▶ [What you need to do]:
Your answer should be the lines below from the one holding "#14873 = CARTESIAN_POINT" through the one holding "#16047 = EDGE_CURVE", copied exactly and with nothing else.

▶ [Records provided]:
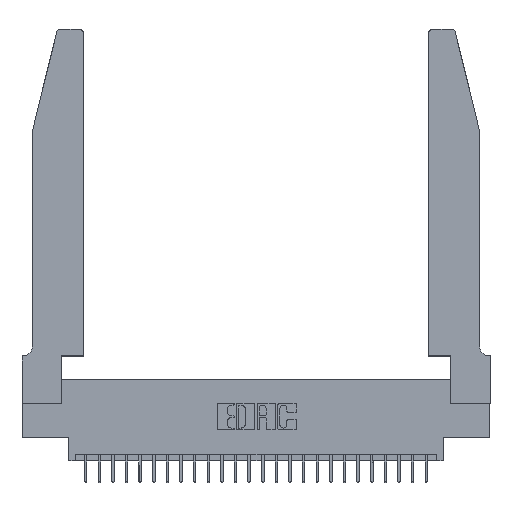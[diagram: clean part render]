
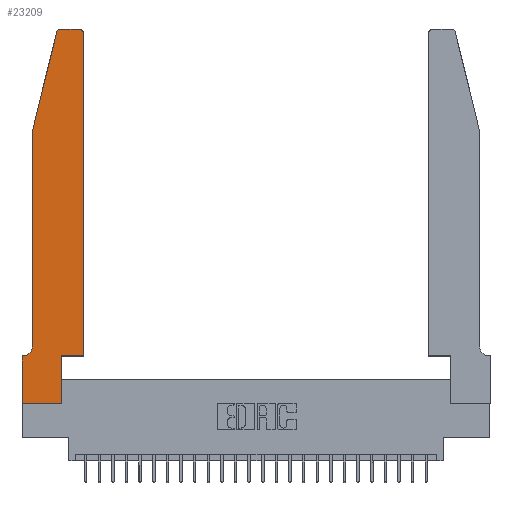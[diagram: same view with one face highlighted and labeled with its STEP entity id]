
A CAD part, top view. The second image highlights one B-rep face of the part: STEP entity #23209.
In plain terms, the highlighted planar face has unit normal (0, 0, 1).
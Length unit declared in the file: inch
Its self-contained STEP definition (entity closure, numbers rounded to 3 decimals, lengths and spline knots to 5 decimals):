
#398 = EDGE_CURVE ( 'NONE', #21813, #8279, #24677, .T. ) ;
#723 = AXIS2_PLACEMENT_3D ( 'NONE', #10517, #19238, #10780 ) ;
#895 = DIRECTION ( 'NONE',  ( 0., 1., 0. ) ) ;
#1177 = ORIENTED_EDGE ( 'NONE', *, *, #14064, .T. ) ;
#1237 = AXIS2_PLACEMENT_3D ( 'NONE', #5682, #10136, #10239 ) ;
#2035 = LINE ( 'NONE', #24380, #23931 ) ;
#2302 = CARTESIAN_POINT ( 'NONE',  ( 0.2865, 0.35, 0.37 ) ) ;
#2481 = CARTESIAN_POINT ( 'NONE',  ( 0.25487, 2.72718, 0.37 ) ) ;
#2982 = EDGE_CURVE ( 'NONE', #16717, #26869, #27059, .T. ) ;
#3146 = VERTEX_POINT ( 'NONE', #3179 ) ;
#3179 = CARTESIAN_POINT ( 'NONE',  ( 0.2865, 0., 0.37 ) ) ;
#3217 = VECTOR ( 'NONE', #11635, 39.37008 ) ;
#3364 = EDGE_CURVE ( 'NONE', #26869, #7393, #18120, .T. ) ;
#3377 = CARTESIAN_POINT ( 'NONE',  ( 0.0755, 0.35, 0.37 ) ) ;
#3421 = ORIENTED_EDGE ( 'NONE', *, *, #10252, .T. ) ;
#4062 = ORIENTED_EDGE ( 'NONE', *, *, #16047, .T. ) ;
#4093 = CARTESIAN_POINT ( 'NONE',  ( 0.4205, 2.72, 0.37 ) ) ;
#4174 = DIRECTION ( 'NONE',  ( 0., -1., 0. ) ) ;
#4194 = DIRECTION ( 'NONE',  ( 0., 1., 0. ) ) ;
#4454 = EDGE_CURVE ( 'NONE', #4799, #3146, #15091, .T. ) ;
#4799 = VERTEX_POINT ( 'NONE', #25014 ) ;
#5330 = DIRECTION ( 'NONE',  ( 0., -1., 0. ) ) ;
#5493 = CARTESIAN_POINT ( 'NONE',  ( 0.284, 2.72, 0.37 ) ) ;
#5682 = CARTESIAN_POINT ( 'NONE',  ( 0.0055, 0.42, 0.37 ) ) ;
#5844 = EDGE_CURVE ( 'NONE', #3146, #26480, #2035, .T. ) ;
#6015 = VERTEX_POINT ( 'NONE', #11936 ) ;
#6228 = DIRECTION ( 'NONE',  ( 0., 0., 1. ) ) ;
#6660 = CARTESIAN_POINT ( 'NONE',  ( 0.4505, 2.72, 0.37 ) ) ;
#6724 = CARTESIAN_POINT ( 'NONE',  ( 0.0755, 2., 0.37 ) ) ;
#6885 = CIRCLE ( 'NONE', #26262, 0.03 ) ;
#7002 = LINE ( 'NONE', #7404, #14324 ) ;
#7295 = LINE ( 'NONE', #23017, #25889 ) ;
#7393 = VERTEX_POINT ( 'NONE', #2481 ) ;
#7404 = CARTESIAN_POINT ( 'NONE',  ( 0.0755, 2., 0.37 ) ) ;
#7689 = AXIS2_PLACEMENT_3D ( 'NONE', #5493, #16543, #12435 ) ;
#8279 = VERTEX_POINT ( 'NONE', #6660 ) ;
#8553 = VECTOR ( 'NONE', #5330, 39.37008 ) ;
#8639 = ORIENTED_EDGE ( 'NONE', *, *, #398, .T. ) ;
#9185 = VECTOR ( 'NONE', #25618, 39.37008 ) ;
#9291 = CARTESIAN_POINT ( 'NONE',  ( 0.4205, 2.75, 0.37 ) ) ;
#9453 = VECTOR ( 'NONE', #19357, 39.37008 ) ;
#10136 = DIRECTION ( 'NONE',  ( 0., 0., -1. ) ) ;
#10239 = DIRECTION ( 'NONE',  ( -1., 0., 0. ) ) ;
#10252 = EDGE_CURVE ( 'NONE', #7393, #21595, #7002, .T. ) ;
#10517 = CARTESIAN_POINT ( 'NONE',  ( 0., 0.35, 0.37 ) ) ;
#10687 = CARTESIAN_POINT ( 'NONE',  ( 0.4505, 0.35, 0.37 ) ) ;
#10780 = DIRECTION ( 'NONE',  ( 1., 0., 0. ) ) ;
#11111 = ORIENTED_EDGE ( 'NONE', *, *, #4454, .T. ) ;
#11635 = DIRECTION ( 'NONE',  ( -1., 0., 0. ) ) ;
#11739 = VECTOR ( 'NONE', #4194, 39.37008 ) ;
#11936 = CARTESIAN_POINT ( 'NONE',  ( 0., 0.35, 0.37 ) ) ;
#12282 = CARTESIAN_POINT ( 'NONE',  ( 0.2605, 2.75, 0.37 ) ) ;
#12435 = DIRECTION ( 'NONE',  ( 1., 0., 0. ) ) ;
#12776 = CARTESIAN_POINT ( 'NONE',  ( 0.0755, 0.42, 0.37 ) ) ;
#13823 = DIRECTION ( 'NONE',  ( -0.239, -0.971, 0. ) ) ;
#14001 = ORIENTED_EDGE ( 'NONE', *, *, #20994, .T. ) ;
#14064 = EDGE_CURVE ( 'NONE', #22568, #23160, #15458, .T. ) ;
#14324 = VECTOR ( 'NONE', #13823, 39.37008 ) ;
#14873 = CARTESIAN_POINT ( 'NONE',  ( 0.0055, 0.35, 0.37 ) ) ;
#15091 = LINE ( 'NONE', #21438, #9453 ) ;
#15451 = VECTOR ( 'NONE', #18977, 39.37008 ) ;
#15458 = CIRCLE ( 'NONE', #1237, 0.07 ) ;
#16047 = EDGE_CURVE ( 'NONE', #23160, #6015, #18850, .T. ) ;
#16122 = EDGE_CURVE ( 'NONE', #21595, #22568, #24446, .T. ) ;
#16543 = DIRECTION ( 'NONE',  ( 0., 0., 1. ) ) ;
#16553 = EDGE_CURVE ( 'NONE', #26480, #21813, #24097, .T. ) ;
#16717 = VERTEX_POINT ( 'NONE', #9291 ) ;
#18105 = ORIENTED_EDGE ( 'NONE', *, *, #16122, .T. ) ;
#18120 = CIRCLE ( 'NONE', #7689, 0.03 ) ;
#18219 = ORIENTED_EDGE ( 'NONE', *, *, #16553, .T. ) ;
#18850 = LINE ( 'NONE', #3377, #3217 ) ;
#18863 = CARTESIAN_POINT ( 'NONE',  ( 0.4505, 0.35, 0.37 ) ) ;
#18977 = DIRECTION ( 'NONE',  ( -1., 0., 0. ) ) ;
#19125 = DIRECTION ( 'NONE',  ( 1., 0., 0. ) ) ;
#19238 = DIRECTION ( 'NONE',  ( 0., 0., 1. ) ) ;
#19357 = DIRECTION ( 'NONE',  ( 1., 0., 0. ) ) ;
#19682 = FACE_OUTER_BOUND ( 'NONE', #20804, .T. ) ;
#19826 = ORIENTED_EDGE ( 'NONE', *, *, #5844, .T. ) ;
#20795 = CARTESIAN_POINT ( 'NONE',  ( 0.284, 2.75, 0.37 ) ) ;
#20804 = EDGE_LOOP ( 'NONE', ( #25405, #27293, #3421, #18105, #1177, #4062, #14001, #11111, #19826, #18219, #8639, #26806 ) ) ;
#20994 = EDGE_CURVE ( 'NONE', #6015, #4799, #7295, .T. ) ;
#21218 = PLANE ( 'NONE',  #723 ) ;
#21438 = CARTESIAN_POINT ( 'NONE',  ( 0., 0., 0.37 ) ) ;
#21595 = VERTEX_POINT ( 'NONE', #6724 ) ;
#21813 = VERTEX_POINT ( 'NONE', #18863 ) ;
#22568 = VERTEX_POINT ( 'NONE', #12776 ) ;
#23017 = CARTESIAN_POINT ( 'NONE',  ( 0., 0., 0.37 ) ) ;
#23160 = VERTEX_POINT ( 'NONE', #14873 ) ;
#23209 = ADVANCED_FACE ( 'NONE', ( #19682 ), #21218, .T. ) ;
#23931 = VECTOR ( 'NONE', #895, 39.37008 ) ;
#24097 = LINE ( 'NONE', #10687, #9185 ) ;
#24380 = CARTESIAN_POINT ( 'NONE',  ( 0.2865, 0.35, 0.37 ) ) ;
#24446 = LINE ( 'NONE', #26469, #8553 ) ;
#24677 = LINE ( 'NONE', #25435, #11739 ) ;
#25014 = CARTESIAN_POINT ( 'NONE',  ( 0., 0., 0.37 ) ) ;
#25405 = ORIENTED_EDGE ( 'NONE', *, *, #2982, .T. ) ;
#25435 = CARTESIAN_POINT ( 'NONE',  ( 0.4505, 0.35, 0.37 ) ) ;
#25618 = DIRECTION ( 'NONE',  ( 1., 0., 0. ) ) ;
#25889 = VECTOR ( 'NONE', #4174, 39.37008 ) ;
#26262 = AXIS2_PLACEMENT_3D ( 'NONE', #4093, #6228, #19125 ) ;
#26318 = EDGE_CURVE ( 'NONE', #8279, #16717, #6885, .T. ) ;
#26469 = CARTESIAN_POINT ( 'NONE',  ( 0.0755, 2., 0.37 ) ) ;
#26480 = VERTEX_POINT ( 'NONE', #2302 ) ;
#26806 = ORIENTED_EDGE ( 'NONE', *, *, #26318, .T. ) ;
#26869 = VERTEX_POINT ( 'NONE', #20795 ) ;
#27059 = LINE ( 'NONE', #12282, #15451 ) ;
#27293 = ORIENTED_EDGE ( 'NONE', *, *, #3364, .T. ) ;
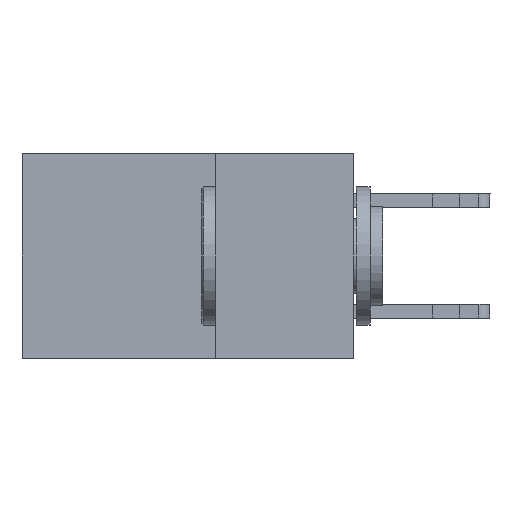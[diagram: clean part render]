
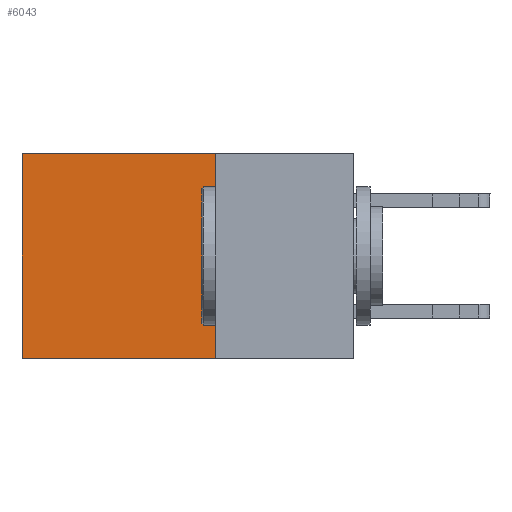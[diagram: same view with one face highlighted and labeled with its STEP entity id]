
A CAD part, left-side view. The second image highlights one B-rep face of the part: STEP entity #6043.
In plain terms, the highlighted planar face has unit normal (-1, 0, 0).
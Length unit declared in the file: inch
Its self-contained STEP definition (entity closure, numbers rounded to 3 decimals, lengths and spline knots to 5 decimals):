
#1064 = VERTEX_POINT ( 'NONE', #6553 ) ;
#1899 = VERTEX_POINT ( 'NONE', #29283 ) ;
#2069 = LINE ( 'NONE', #18455, #2892 ) ;
#2892 = VECTOR ( 'NONE', #21014, 39.37008 ) ;
#3096 = EDGE_CURVE ( 'NONE', #30346, #1899, #2069, .T. ) ;
#3566 = EDGE_CURVE ( 'NONE', #1064, #1899, #14402, .T. ) ;
#5046 = DIRECTION ( 'NONE',  ( 0., 0., -1. ) ) ;
#5481 = CARTESIAN_POINT ( 'NONE',  ( 0.2875, 0.25, -0.37 ) ) ;
#6043 = ADVANCED_FACE ( 'NONE', ( #14819 ), #17423, .F. ) ;
#6553 = CARTESIAN_POINT ( 'NONE',  ( 0.2875, 0.25, -0.37 ) ) ;
#7100 = AXIS2_PLACEMENT_3D ( 'NONE', #22957, #7121, #5046 ) ;
#7121 = DIRECTION ( 'NONE',  ( 1., 0., 0. ) ) ;
#7370 = ORIENTED_EDGE ( 'NONE', *, *, #22224, .T. ) ;
#11753 = CARTESIAN_POINT ( 'NONE',  ( 0.2875, 0.25, 0. ) ) ;
#13333 = ORIENTED_EDGE ( 'NONE', *, *, #3566, .F. ) ;
#14402 = LINE ( 'NONE', #5481, #18953 ) ;
#14819 = FACE_OUTER_BOUND ( 'NONE', #29638, .T. ) ;
#15488 = EDGE_CURVE ( 'NONE', #28780, #1064, #29258, .T. ) ;
#17423 = PLANE ( 'NONE',  #7100 ) ;
#18455 = CARTESIAN_POINT ( 'NONE',  ( 0.2875, 0.6, 0. ) ) ;
#18953 = VECTOR ( 'NONE', #23977, 39.37008 ) ;
#19790 = DIRECTION ( 'NONE',  ( 0., 1., 0. ) ) ;
#21014 = DIRECTION ( 'NONE',  ( 0., 0., -1. ) ) ;
#22224 = EDGE_CURVE ( 'NONE', #28780, #30346, #26877, .T. ) ;
#22799 = DIRECTION ( 'NONE',  ( 0., 0., -1. ) ) ;
#22957 = CARTESIAN_POINT ( 'NONE',  ( 0.2875, 0.25, 0. ) ) ;
#23153 = CARTESIAN_POINT ( 'NONE',  ( 0.2875, 0.25, 0. ) ) ;
#23977 = DIRECTION ( 'NONE',  ( 0., 1., 0. ) ) ;
#25641 = VECTOR ( 'NONE', #19790, 39.37008 ) ;
#26088 = ORIENTED_EDGE ( 'NONE', *, *, #3096, .T. ) ;
#26877 = LINE ( 'NONE', #11753, #25641 ) ;
#28415 = VECTOR ( 'NONE', #22799, 39.37008 ) ;
#28780 = VERTEX_POINT ( 'NONE', #29061 ) ;
#29061 = CARTESIAN_POINT ( 'NONE',  ( 0.2875, 0.25, 0. ) ) ;
#29258 = LINE ( 'NONE', #23153, #28415 ) ;
#29283 = CARTESIAN_POINT ( 'NONE',  ( 0.2875, 0.6, -0.37 ) ) ;
#29638 = EDGE_LOOP ( 'NONE', ( #26088, #13333, #30499, #7370 ) ) ;
#30346 = VERTEX_POINT ( 'NONE', #33114 ) ;
#30499 = ORIENTED_EDGE ( 'NONE', *, *, #15488, .F. ) ;
#33114 = CARTESIAN_POINT ( 'NONE',  ( 0.2875, 0.6, 0. ) ) ;

▶ [Answer for this exercise]:
#14873 = CARTESIAN_POINT ( 'NONE',  ( 0.0055, 0.35, 0.37 ) ) ;
#15091 = LINE ( 'NONE', #21438, #9453 ) ;
#15451 = VECTOR ( 'NONE', #18977, 39.37008 ) ;
#15458 = CIRCLE ( 'NONE', #1237, 0.07 ) ;
#16047 = EDGE_CURVE ( 'NONE', #23160, #6015, #18850, .T. ) ;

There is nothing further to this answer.